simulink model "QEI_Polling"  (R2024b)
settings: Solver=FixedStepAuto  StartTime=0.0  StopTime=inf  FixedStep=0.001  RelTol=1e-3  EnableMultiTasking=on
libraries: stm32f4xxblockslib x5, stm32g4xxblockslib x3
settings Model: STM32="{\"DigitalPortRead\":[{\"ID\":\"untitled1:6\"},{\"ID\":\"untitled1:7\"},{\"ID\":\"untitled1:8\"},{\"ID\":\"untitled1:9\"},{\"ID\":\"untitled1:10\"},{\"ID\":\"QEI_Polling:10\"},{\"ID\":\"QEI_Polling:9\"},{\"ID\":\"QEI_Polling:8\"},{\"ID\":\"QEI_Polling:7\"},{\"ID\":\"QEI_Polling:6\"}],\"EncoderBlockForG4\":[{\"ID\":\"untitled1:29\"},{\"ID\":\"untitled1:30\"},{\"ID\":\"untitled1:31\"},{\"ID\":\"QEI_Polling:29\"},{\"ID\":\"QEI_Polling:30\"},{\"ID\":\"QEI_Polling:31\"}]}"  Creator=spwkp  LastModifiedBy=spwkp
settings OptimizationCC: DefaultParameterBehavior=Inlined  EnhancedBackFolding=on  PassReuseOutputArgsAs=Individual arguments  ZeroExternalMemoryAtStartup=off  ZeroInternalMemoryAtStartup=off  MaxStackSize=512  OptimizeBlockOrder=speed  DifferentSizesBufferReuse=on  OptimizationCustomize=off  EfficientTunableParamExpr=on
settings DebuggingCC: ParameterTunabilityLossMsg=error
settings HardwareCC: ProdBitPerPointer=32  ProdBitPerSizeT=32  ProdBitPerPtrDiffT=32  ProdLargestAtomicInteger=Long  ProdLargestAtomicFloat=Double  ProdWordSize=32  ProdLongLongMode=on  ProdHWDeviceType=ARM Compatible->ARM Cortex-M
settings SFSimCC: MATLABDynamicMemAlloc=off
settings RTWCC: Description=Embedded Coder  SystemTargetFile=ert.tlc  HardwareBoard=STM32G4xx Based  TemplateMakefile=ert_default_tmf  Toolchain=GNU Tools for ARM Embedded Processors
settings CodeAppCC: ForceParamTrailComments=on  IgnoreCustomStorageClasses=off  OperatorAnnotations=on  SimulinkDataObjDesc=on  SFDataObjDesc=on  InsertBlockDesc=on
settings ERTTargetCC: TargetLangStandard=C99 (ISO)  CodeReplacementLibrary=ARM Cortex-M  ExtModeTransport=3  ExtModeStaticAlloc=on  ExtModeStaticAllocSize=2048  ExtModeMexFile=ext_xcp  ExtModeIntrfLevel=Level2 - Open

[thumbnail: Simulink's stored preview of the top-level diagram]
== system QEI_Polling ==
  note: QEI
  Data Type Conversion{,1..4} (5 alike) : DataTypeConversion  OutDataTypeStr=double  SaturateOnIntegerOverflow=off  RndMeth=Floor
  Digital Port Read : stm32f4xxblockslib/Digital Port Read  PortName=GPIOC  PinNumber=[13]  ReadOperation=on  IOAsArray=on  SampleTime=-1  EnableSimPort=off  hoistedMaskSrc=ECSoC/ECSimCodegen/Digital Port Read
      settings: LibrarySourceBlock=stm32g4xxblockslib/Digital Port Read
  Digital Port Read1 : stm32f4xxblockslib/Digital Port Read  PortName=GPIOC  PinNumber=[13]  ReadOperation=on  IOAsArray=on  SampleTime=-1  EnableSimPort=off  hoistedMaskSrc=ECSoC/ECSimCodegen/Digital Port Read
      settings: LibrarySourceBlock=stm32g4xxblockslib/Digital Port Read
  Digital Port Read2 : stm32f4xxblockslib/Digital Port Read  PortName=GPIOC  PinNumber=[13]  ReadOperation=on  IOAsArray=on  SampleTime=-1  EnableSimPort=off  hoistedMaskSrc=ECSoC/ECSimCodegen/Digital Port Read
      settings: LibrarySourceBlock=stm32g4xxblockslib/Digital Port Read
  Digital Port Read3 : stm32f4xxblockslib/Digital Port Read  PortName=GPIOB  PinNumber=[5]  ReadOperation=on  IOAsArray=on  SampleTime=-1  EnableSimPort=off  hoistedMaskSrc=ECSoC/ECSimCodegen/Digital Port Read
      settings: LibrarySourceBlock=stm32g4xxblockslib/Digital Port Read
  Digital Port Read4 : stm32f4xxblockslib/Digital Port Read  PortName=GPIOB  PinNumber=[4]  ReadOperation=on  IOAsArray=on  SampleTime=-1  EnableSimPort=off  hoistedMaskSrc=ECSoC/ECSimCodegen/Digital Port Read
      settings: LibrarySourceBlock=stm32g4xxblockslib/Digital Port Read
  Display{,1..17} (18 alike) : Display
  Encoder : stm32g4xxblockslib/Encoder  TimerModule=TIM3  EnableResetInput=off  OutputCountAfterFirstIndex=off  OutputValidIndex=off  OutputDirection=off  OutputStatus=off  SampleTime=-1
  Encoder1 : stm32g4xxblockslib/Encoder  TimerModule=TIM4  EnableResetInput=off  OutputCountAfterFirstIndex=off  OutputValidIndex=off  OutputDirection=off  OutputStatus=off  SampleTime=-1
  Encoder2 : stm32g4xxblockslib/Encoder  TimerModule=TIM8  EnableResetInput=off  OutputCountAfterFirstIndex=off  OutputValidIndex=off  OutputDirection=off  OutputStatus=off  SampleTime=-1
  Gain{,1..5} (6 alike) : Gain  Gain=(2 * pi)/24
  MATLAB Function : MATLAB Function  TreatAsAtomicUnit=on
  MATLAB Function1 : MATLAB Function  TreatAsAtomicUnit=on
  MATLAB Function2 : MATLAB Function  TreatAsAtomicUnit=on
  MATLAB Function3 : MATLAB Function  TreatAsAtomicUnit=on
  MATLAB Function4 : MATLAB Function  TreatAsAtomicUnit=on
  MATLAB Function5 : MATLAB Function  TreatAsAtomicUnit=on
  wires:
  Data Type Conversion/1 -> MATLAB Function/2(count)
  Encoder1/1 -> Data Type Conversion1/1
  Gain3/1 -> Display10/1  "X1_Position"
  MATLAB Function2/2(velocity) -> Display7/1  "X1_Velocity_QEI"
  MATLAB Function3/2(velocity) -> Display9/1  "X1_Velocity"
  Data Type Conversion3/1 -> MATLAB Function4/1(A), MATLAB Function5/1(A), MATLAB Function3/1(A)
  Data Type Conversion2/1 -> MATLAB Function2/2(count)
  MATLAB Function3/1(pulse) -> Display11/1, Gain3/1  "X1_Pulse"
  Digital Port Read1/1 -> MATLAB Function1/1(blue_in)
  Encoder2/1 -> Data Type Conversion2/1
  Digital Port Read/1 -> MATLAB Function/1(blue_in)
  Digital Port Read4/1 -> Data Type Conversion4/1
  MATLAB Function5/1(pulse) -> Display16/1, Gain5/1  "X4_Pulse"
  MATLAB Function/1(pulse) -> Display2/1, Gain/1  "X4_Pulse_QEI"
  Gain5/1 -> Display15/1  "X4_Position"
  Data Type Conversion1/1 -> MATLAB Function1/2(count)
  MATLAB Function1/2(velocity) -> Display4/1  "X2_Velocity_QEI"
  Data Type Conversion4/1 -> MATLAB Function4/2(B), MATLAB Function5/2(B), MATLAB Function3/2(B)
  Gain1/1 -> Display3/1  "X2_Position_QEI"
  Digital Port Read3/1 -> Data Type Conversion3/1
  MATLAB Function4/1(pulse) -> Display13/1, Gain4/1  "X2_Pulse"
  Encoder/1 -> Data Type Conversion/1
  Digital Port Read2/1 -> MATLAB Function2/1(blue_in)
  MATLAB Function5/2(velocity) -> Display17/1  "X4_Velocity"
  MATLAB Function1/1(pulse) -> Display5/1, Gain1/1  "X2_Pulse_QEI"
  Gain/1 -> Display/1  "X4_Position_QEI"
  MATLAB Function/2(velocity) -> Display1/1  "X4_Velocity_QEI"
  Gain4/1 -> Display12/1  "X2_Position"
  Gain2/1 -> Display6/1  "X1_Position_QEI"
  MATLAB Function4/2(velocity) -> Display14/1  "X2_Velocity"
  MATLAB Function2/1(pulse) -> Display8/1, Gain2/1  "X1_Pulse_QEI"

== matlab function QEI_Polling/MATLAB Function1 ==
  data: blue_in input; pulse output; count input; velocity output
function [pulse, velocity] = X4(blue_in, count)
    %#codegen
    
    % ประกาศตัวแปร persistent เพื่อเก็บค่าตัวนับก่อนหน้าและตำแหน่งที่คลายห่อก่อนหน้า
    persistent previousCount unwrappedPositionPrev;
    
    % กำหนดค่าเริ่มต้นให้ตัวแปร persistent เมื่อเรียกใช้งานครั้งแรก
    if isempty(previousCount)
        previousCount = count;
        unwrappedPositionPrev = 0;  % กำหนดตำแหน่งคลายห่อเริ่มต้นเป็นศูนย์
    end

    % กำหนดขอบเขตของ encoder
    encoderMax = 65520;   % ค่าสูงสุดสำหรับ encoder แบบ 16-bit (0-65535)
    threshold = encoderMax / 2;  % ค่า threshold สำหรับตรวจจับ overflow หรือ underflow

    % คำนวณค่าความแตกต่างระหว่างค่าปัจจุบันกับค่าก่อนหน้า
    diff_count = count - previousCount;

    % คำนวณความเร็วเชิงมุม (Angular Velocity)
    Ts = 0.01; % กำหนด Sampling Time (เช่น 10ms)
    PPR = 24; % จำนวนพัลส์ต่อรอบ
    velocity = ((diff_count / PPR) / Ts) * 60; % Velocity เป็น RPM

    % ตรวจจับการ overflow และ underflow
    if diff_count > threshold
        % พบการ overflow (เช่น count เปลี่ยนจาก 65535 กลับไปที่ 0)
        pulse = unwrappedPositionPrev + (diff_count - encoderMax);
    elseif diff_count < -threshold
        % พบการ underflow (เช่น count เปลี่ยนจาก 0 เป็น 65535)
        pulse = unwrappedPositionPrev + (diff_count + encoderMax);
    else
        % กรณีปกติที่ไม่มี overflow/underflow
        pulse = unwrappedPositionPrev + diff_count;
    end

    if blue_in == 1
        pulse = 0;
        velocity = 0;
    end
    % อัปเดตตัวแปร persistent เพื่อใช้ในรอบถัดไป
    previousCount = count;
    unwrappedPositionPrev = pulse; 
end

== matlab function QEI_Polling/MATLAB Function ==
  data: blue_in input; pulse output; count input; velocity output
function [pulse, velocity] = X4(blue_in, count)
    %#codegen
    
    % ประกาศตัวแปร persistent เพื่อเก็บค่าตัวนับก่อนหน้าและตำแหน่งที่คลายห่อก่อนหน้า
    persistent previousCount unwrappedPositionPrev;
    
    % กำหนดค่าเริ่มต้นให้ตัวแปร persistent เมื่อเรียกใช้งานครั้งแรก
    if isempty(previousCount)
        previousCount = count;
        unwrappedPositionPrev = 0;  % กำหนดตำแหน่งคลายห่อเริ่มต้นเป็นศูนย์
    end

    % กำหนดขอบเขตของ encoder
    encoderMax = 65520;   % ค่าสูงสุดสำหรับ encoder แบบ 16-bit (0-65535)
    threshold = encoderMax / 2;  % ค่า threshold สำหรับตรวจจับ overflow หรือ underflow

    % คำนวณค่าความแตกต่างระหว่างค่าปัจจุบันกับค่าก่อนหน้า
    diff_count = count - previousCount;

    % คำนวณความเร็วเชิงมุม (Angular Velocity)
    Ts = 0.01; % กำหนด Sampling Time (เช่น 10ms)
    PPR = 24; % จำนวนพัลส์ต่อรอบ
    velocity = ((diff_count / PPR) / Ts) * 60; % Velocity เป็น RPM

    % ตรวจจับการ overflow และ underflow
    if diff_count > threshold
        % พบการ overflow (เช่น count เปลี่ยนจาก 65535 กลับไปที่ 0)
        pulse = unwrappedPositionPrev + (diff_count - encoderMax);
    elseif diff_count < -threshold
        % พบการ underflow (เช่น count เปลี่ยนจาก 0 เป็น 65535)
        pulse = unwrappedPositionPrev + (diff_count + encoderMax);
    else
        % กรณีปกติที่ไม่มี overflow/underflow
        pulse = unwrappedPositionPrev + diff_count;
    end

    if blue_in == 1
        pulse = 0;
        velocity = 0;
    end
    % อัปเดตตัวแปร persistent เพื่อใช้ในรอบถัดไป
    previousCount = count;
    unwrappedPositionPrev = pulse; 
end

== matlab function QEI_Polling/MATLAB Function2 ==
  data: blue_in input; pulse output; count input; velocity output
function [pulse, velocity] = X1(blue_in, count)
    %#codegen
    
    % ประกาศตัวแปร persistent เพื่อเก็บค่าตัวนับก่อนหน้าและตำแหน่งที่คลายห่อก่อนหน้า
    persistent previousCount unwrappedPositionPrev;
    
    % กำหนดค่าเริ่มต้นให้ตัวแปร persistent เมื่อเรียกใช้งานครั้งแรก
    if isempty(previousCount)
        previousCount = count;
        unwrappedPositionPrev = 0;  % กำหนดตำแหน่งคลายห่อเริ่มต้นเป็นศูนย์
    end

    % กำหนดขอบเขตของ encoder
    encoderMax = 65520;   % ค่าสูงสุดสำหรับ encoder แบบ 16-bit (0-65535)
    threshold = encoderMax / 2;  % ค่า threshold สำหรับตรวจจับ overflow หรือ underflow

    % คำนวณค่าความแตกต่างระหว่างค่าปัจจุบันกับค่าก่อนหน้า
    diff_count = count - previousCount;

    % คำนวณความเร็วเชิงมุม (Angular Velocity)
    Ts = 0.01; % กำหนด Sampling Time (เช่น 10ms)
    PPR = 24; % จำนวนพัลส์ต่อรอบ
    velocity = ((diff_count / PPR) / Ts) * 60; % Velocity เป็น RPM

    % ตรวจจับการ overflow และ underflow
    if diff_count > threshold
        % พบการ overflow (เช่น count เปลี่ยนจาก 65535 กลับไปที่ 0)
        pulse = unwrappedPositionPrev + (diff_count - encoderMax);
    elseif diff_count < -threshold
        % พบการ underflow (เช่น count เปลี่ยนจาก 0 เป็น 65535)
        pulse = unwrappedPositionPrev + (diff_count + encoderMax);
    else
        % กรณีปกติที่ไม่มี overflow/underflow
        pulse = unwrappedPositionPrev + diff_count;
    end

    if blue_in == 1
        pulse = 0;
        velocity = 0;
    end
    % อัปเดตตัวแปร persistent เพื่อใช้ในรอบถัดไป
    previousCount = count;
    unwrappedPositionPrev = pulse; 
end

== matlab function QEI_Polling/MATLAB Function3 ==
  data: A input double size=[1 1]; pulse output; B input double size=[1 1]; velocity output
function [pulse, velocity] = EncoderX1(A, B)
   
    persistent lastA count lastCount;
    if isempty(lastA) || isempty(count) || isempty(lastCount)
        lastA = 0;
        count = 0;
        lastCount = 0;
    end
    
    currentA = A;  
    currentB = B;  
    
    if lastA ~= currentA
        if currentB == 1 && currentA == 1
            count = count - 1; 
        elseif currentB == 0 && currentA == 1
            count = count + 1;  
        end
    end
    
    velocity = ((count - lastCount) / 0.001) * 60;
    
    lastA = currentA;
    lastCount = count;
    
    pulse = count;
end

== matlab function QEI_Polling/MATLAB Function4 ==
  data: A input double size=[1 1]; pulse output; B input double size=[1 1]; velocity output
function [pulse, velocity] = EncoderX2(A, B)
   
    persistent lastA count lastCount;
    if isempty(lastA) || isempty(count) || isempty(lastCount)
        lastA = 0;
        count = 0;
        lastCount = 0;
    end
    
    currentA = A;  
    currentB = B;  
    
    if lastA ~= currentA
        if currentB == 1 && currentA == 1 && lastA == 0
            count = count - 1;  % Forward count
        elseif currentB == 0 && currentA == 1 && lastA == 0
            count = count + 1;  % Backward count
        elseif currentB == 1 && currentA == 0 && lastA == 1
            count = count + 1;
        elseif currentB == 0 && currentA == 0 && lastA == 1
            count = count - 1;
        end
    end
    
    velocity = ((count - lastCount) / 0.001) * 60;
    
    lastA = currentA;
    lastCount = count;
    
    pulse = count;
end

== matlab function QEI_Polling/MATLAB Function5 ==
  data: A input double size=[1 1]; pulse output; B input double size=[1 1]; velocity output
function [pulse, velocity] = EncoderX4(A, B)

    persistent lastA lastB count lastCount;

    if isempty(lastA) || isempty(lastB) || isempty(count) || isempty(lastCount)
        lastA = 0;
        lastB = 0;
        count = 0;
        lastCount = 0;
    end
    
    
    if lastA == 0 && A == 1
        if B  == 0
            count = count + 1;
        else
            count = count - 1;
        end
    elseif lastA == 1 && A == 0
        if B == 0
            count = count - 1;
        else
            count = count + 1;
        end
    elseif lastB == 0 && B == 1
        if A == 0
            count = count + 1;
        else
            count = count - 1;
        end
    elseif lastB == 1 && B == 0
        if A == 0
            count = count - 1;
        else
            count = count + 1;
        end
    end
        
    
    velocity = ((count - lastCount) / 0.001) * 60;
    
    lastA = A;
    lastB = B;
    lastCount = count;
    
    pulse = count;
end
+ + + + + + +
● Exercise goal:
Find how many lines above include "alike", then write only that count.

● Written solution:
3